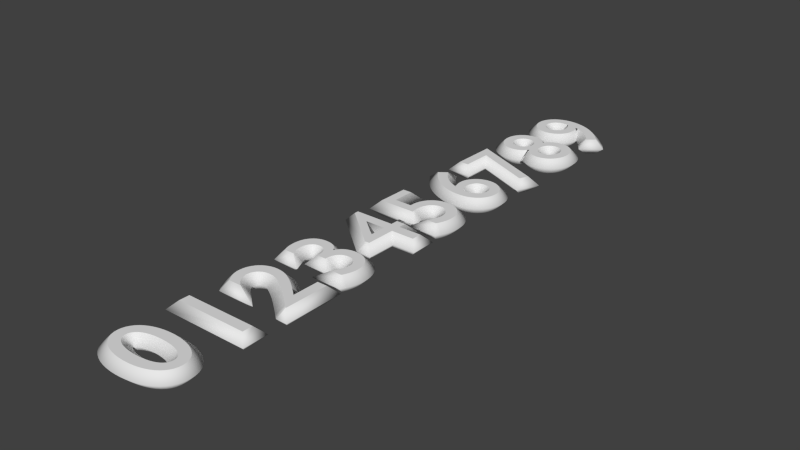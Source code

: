 # Source: text_example.blend  (saved by Blender 2.73.0; exported with 4.5.12 LTS)
import bpy
from mathutils import Matrix  # noqa: F401  (used for matrix-valued properties, if any)

bpy.ops.wm.read_factory_settings(use_empty=True)
scene = bpy.context.scene
scene.name = 'Scene'

# ---- collections
col_collection_1 = bpy.data.collections.new('Collection 1'); scene.collection.children.link(col_collection_1)

# ---- world
world_world = bpy.data.worlds.new('World'); scene.world = world_world
world_world.color = (0.05088, 0.05088, 0.05088)
world_world.use_sun_shadow = False
world_world.sun_shadow_jitter_overblur = 0.0
world_world.cycles.sampling_method = 'MANUAL'
world_world.cycles.sample_map_resolution = 256

# ---- curves / text
txt_text = bpy.data.curves.new('Text', 'FONT')
txt_text.dimensions = '2D'
txt_text.body = '0123456789'
txt_text.use_path_clamp = True
txt_text.bevel_resolution = 0
txt_text.bevel_depth = 0.075
txt_text.align_x = 'CENTER'
txt_text.space_character = 1.2
txt_text.offset_y = -0.3

# ---- objects
ob_text = bpy.data.objects.new('Text', txt_text)

# ---- transforms, parenting, visibility, modifiers, constraints
ob_text.location = (0.0, 0.0, 0.0)
ob_text.rotation_euler = (-0.006581, 0.01582, 1.571)
ob_text.scale = (2.0, 2.0, 2.0)
ob_text.lineart.crease_threshold = 0.0

# ---- collection membership
col_collection_1.objects.link(ob_text)

# ---- scene / render settings (as saved in the file)
scene.frame_start = 1; scene.frame_end = 250; scene.frame_set(0)
scene.render.engine = 'BLENDER_EEVEE_NEXT'
scene.render.resolution_percentage = 50
scene.render.dither_intensity = 0.0
scene.cycles.use_denoising = False
scene.cycles.samples = 10
scene.cycles.sampling_pattern = 'TABULATED_SOBOL'
scene.cycles.light_sampling_threshold = 0.0
scene.cycles.use_adaptive_sampling = False
scene.cycles.use_light_tree = False
scene.cycles.blur_glossy = 0.0
scene.cycles.pixel_filter_type = 'GAUSSIAN'
scene.cycles.sample_clamp_indirect = 0.0
scene.view_settings.view_transform = 'Standard'
bpy.context.view_layer.update()

# ---- added for rendering (the .blend has no active camera and no usable light): camera, sun
cam_auto = bpy.data.cameras.new('AutoCamera')
cam_auto.lens = 50.0
cam_auto.sensor_width = 36.0
cam_auto.clip_end = 1000.0
ob_auto_camera = bpy.data.objects.new('AutoCamera', cam_auto)
scene.collection.objects.link(ob_auto_camera)
ob_auto_camera.location = (10.7858, -13.0503, 8.69381)
ob_auto_camera.rotation_euler = (1.09748, -7.21219e-08, 0.694738)
scene.camera = ob_auto_camera
light_auto_sun = bpy.data.lights.new('AutoSun', 'SUN')
light_auto_sun.energy = 3.0
light_auto_sun.angle = 0.0523599
ob_auto_sun = bpy.data.objects.new('AutoSun', light_auto_sun)
scene.collection.objects.link(ob_auto_sun)
ob_auto_sun.rotation_euler = (0.872665, 0.174533, 0.523599)
bpy.context.view_layer.update()
++++
__WHAT THE TASK REQUIRES__
Pull out every line above that holds the word "True".

__THE ANSWER__
bpy.ops.wm.read_factory_settings(use_empty=True)
txt_text.use_path_clamp = True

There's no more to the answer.